[Dataset items]
********************

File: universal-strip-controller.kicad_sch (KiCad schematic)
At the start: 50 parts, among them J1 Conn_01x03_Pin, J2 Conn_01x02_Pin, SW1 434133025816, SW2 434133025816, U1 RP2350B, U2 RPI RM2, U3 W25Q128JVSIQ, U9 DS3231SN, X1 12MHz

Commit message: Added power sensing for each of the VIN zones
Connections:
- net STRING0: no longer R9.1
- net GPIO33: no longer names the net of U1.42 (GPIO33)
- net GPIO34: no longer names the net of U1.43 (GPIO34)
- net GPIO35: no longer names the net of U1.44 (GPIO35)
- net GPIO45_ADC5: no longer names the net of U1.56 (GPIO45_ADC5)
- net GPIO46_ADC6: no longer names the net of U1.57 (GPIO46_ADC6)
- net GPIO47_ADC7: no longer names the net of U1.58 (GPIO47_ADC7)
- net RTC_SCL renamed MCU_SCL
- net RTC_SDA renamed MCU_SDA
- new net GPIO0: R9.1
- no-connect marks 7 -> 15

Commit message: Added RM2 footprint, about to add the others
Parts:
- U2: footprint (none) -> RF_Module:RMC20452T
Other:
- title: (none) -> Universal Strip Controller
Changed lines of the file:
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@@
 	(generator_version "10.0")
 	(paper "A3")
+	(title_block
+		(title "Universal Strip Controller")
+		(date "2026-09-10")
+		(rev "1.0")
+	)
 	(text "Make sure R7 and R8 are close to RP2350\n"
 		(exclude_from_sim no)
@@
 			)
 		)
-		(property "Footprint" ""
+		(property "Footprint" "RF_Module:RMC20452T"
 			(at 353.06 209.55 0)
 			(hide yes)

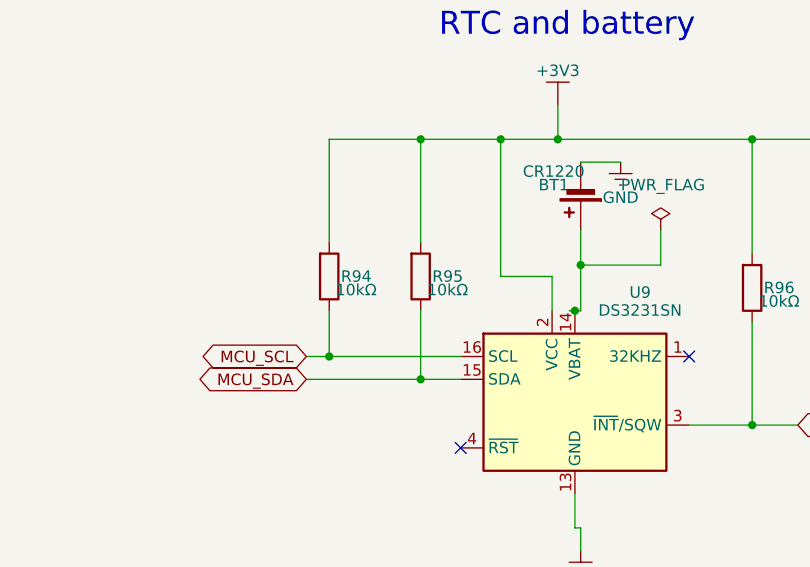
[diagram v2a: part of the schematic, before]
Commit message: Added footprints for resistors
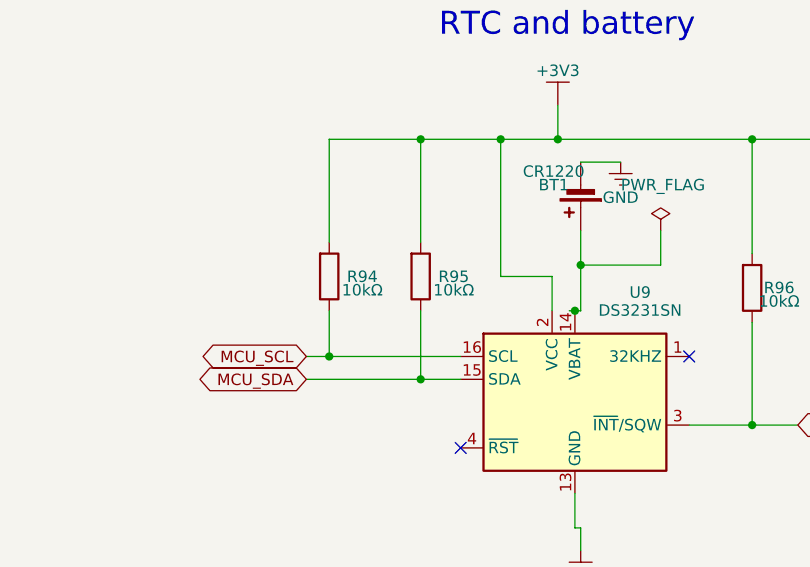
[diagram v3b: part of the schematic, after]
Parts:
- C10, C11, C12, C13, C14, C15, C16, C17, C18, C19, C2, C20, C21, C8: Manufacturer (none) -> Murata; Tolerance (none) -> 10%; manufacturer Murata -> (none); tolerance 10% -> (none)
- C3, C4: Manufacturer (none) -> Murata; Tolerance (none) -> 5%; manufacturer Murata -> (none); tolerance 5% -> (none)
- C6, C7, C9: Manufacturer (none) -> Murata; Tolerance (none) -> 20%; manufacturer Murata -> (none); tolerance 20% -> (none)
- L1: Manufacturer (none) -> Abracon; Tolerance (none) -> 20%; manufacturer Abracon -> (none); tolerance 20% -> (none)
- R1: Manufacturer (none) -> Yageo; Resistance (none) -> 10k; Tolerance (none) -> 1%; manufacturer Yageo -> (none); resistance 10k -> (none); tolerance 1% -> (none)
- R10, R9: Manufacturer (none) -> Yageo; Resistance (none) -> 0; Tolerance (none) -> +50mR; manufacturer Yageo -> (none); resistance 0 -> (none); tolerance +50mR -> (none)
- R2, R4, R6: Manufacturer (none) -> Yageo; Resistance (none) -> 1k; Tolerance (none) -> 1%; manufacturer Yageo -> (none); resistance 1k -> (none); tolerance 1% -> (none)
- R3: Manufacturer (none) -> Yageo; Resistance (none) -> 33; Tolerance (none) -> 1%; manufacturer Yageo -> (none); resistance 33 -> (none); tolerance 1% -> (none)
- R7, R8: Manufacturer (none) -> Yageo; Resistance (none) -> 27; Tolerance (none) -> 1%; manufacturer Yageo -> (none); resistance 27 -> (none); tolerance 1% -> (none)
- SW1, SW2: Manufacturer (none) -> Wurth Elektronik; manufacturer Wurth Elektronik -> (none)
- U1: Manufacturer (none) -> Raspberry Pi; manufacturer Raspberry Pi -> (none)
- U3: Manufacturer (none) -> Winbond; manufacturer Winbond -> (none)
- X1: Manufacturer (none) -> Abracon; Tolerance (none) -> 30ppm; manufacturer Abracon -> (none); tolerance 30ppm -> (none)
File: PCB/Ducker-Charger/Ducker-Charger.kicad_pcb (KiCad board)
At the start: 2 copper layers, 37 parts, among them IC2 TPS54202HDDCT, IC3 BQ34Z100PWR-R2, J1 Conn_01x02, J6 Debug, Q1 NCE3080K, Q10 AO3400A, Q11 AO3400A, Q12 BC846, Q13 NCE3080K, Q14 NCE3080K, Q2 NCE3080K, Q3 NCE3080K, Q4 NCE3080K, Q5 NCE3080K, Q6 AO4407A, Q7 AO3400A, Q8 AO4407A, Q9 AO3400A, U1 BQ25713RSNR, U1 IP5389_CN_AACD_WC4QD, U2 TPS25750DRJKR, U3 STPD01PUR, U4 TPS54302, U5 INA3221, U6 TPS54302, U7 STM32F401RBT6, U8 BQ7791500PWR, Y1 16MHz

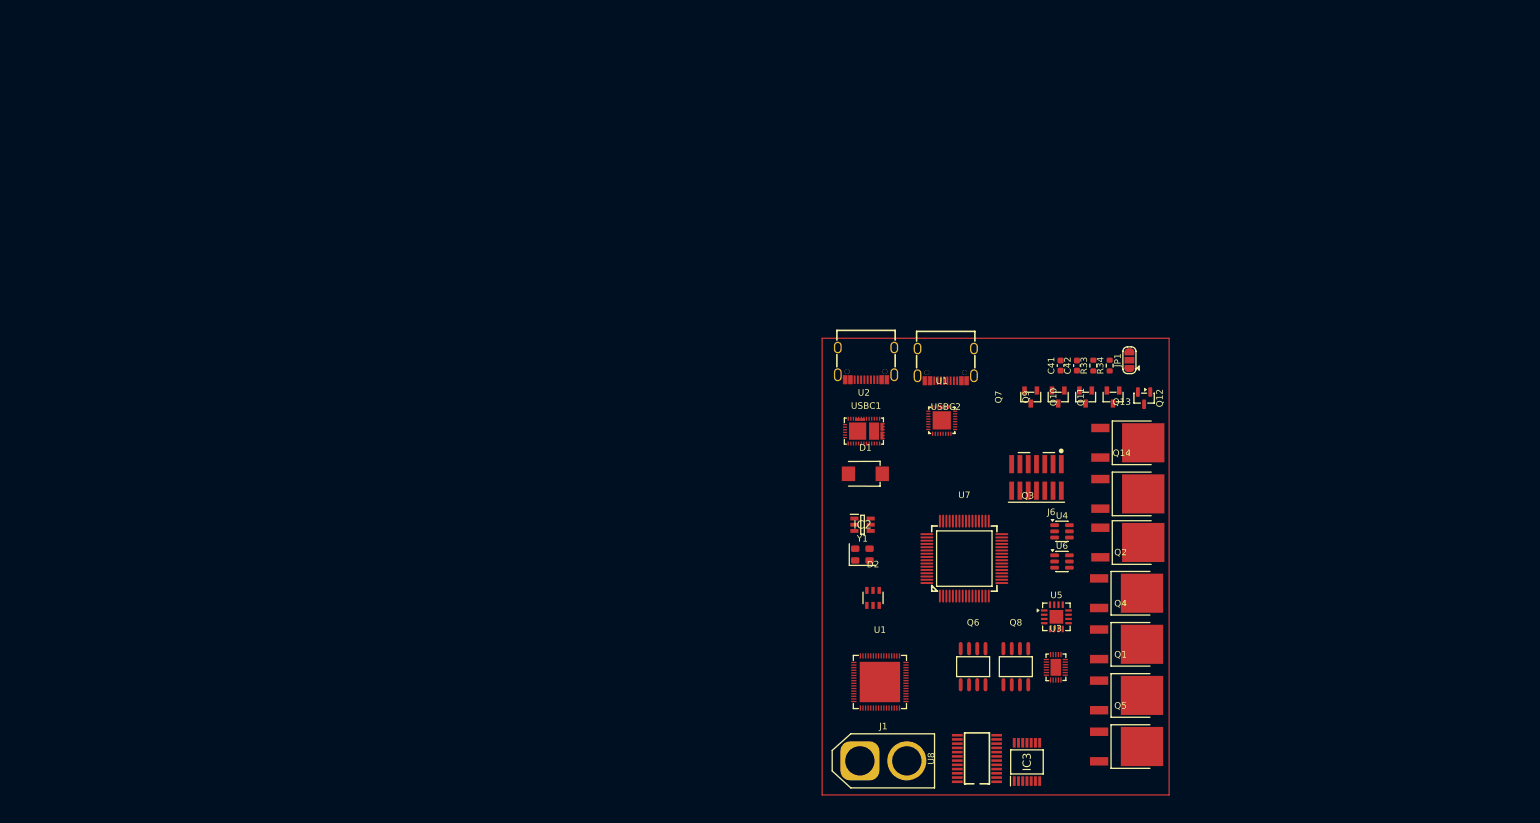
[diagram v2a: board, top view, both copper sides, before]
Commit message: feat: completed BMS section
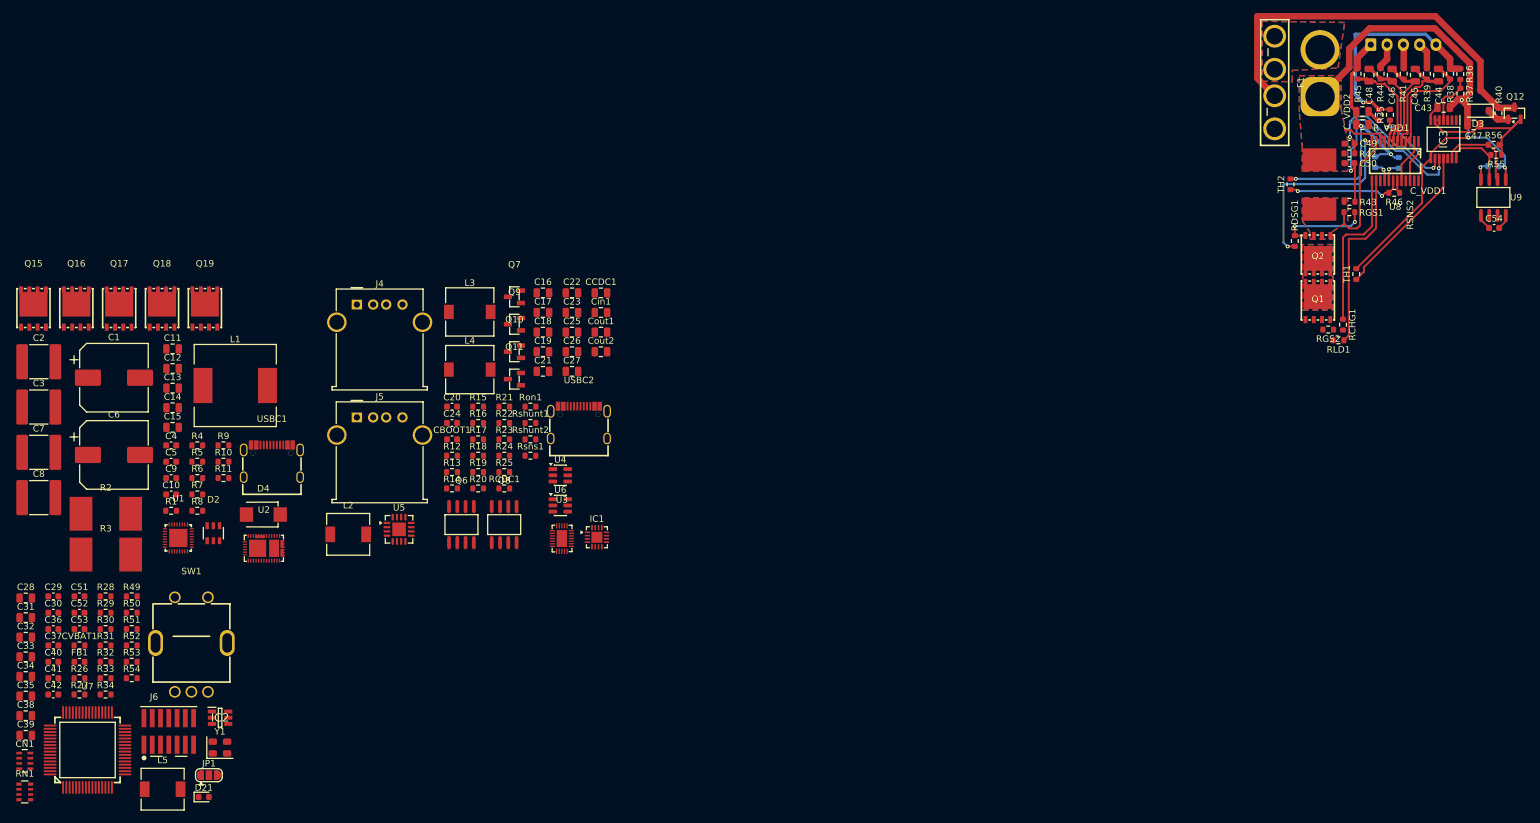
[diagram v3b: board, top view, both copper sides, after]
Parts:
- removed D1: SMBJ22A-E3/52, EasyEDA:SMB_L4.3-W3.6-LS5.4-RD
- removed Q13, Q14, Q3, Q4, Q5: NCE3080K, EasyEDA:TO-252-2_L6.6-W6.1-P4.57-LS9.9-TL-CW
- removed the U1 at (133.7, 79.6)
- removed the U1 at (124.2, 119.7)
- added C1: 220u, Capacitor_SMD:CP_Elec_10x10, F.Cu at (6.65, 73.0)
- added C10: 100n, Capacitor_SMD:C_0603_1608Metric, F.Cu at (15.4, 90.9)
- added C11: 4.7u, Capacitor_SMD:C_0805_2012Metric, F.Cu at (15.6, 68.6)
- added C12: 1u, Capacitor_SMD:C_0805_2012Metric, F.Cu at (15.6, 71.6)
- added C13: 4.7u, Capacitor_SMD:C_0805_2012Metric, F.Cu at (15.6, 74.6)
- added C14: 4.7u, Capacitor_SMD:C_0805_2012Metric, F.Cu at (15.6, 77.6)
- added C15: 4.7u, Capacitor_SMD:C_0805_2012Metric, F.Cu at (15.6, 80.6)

********************

Write out every entry above exactly as it stands, minus the pictures.

File: universal-strip-controller.kicad_sch (KiCad schematic)
At the start: 50 parts, among them J1 Conn_01x03_Pin, J2 Conn_01x02_Pin, SW1 434133025816, SW2 434133025816, U1 RP2350B, U2 RPI RM2, U3 W25Q128JVSIQ, U9 DS3231SN, X1 12MHz

Commit message: Added power sensing for each of the VIN zones
Connections:
- net STRING0: no longer R9.1
- net GPIO33: no longer names the net of U1.42 (GPIO33)
- net GPIO34: no longer names the net of U1.43 (GPIO34)
- net GPIO35: no longer names the net of U1.44 (GPIO35)
- net GPIO45_ADC5: no longer names the net of U1.56 (GPIO45_ADC5)
- net GPIO46_ADC6: no longer names the net of U1.57 (GPIO46_ADC6)
- net GPIO47_ADC7: no longer names the net of U1.58 (GPIO47_ADC7)
- net RTC_SCL renamed MCU_SCL
- net RTC_SDA renamed MCU_SDA
- new net GPIO0: R9.1
- no-connect marks 7 -> 15

Commit message: Added RM2 footprint, about to add the others
Parts:
- U2: footprint (none) -> RF_Module:RMC20452T
Other:
- title: (none) -> Universal Strip Controller
Changed lines of the file:
@@
 	(generator_version "10.0")
 	(paper "A3")
+	(title_block
+		(title "Universal Strip Controller")
+		(date "2026-09-10")
+		(rev "1.0")
+	)
 	(text "Make sure R7 and R8 are close to RP2350\n"
 		(exclude_from_sim no)
@@
 			)
 		)
-		(property "Footprint" ""
+		(property "Footprint" "RF_Module:RMC20452T"
 			(at 353.06 209.55 0)
 			(hide yes)

[diagram v2a: part of the schematic, before]
Commit message: Added footprints for resistors
[diagram v3b: part of the schematic, after]
Parts:
- C10, C11, C12, C13, C14, C15, C16, C17, C18, C19, C2, C20, C21, C8: Manufacturer (none) -> Murata; Tolerance (none) -> 10%; manufacturer Murata -> (none); tolerance 10% -> (none)
- C3, C4: Manufacturer (none) -> Murata; Tolerance (none) -> 5%; manufacturer Murata -> (none); tolerance 5% -> (none)
- C6, C7, C9: Manufacturer (none) -> Murata; Tolerance (none) -> 20%; manufacturer Murata -> (none); tolerance 20% -> (none)
- L1: Manufacturer (none) -> Abracon; Tolerance (none) -> 20%; manufacturer Abracon -> (none); tolerance 20% -> (none)
- R1: Manufacturer (none) -> Yageo; Resistance (none) -> 10k; Tolerance (none) -> 1%; manufacturer Yageo -> (none); resistance 10k -> (none); tolerance 1% -> (none)
- R10, R9: Manufacturer (none) -> Yageo; Resistance (none) -> 0; Tolerance (none) -> +50mR; manufacturer Yageo -> (none); resistance 0 -> (none); tolerance +50mR -> (none)
- R2, R4, R6: Manufacturer (none) -> Yageo; Resistance (none) -> 1k; Tolerance (none) -> 1%; manufacturer Yageo -> (none); resistance 1k -> (none); tolerance 1% -> (none)
- R3: Manufacturer (none) -> Yageo; Resistance (none) -> 33; Tolerance (none) -> 1%; manufacturer Yageo -> (none); resistance 33 -> (none); tolerance 1% -> (none)
- R7, R8: Manufacturer (none) -> Yageo; Resistance (none) -> 27; Tolerance (none) -> 1%; manufacturer Yageo -> (none); resistance 27 -> (none); tolerance 1% -> (none)
- SW1, SW2: Manufacturer (none) -> Wurth Elektronik; manufacturer Wurth Elektronik -> (none)
- U1: Manufacturer (none) -> Raspberry Pi; manufacturer Raspberry Pi -> (none)
- U3: Manufacturer (none) -> Winbond; manufacturer Winbond -> (none)
- X1: Manufacturer (none) -> Abracon; Tolerance (none) -> 30ppm; manufacturer Abracon -> (none); tolerance 30ppm -> (none)
File: PCB/Ducker-Charger/Ducker-Charger.kicad_pcb (KiCad board)
At the start: 2 copper layers, 37 parts, among them IC2 TPS54202HDDCT, IC3 BQ34Z100PWR-R2, J1 Conn_01x02, J6 Debug, Q1 NCE3080K, Q10 AO3400A, Q11 AO3400A, Q12 BC846, Q13 NCE3080K, Q14 NCE3080K, Q2 NCE3080K, Q3 NCE3080K, Q4 NCE3080K, Q5 NCE3080K, Q6 AO4407A, Q7 AO3400A, Q8 AO4407A, Q9 AO3400A, U1 BQ25713RSNR, U1 IP5389_CN_AACD_WC4QD, U2 TPS25750DRJKR, U3 STPD01PUR, U4 TPS54302, U5 INA3221, U6 TPS54302, U7 STM32F401RBT6, U8 BQ7791500PWR, Y1 16MHz

[diagram v2a: board, top view, both copper sides, before]
Commit message: feat: completed BMS section
[diagram v3b: board, top view, both copper sides, after]
Parts:
- removed D1: SMBJ22A-E3/52, EasyEDA:SMB_L4.3-W3.6-LS5.4-RD
- removed Q13, Q14, Q3, Q4, Q5: NCE3080K, EasyEDA:TO-252-2_L6.6-W6.1-P4.57-LS9.9-TL-CW
- removed the U1 at (133.7, 79.6)
- removed the U1 at (124.2, 119.7)
- added C1: 220u, Capacitor_SMD:CP_Elec_10x10, F.Cu at (6.65, 73.0)
- added C10: 100n, Capacitor_SMD:C_0603_1608Metric, F.Cu at (15.4, 90.9)
- added C11: 4.7u, Capacitor_SMD:C_0805_2012Metric, F.Cu at (15.6, 68.6)
- added C12: 1u, Capacitor_SMD:C_0805_2012Metric, F.Cu at (15.6, 71.6)
- added C13: 4.7u, Capacitor_SMD:C_0805_2012Metric, F.Cu at (15.6, 74.6)
- added C14: 4.7u, Capacitor_SMD:C_0805_2012Metric, F.Cu at (15.6, 77.6)
- added C15: 4.7u, Capacitor_SMD:C_0805_2012Metric, F.Cu at (15.6, 80.6)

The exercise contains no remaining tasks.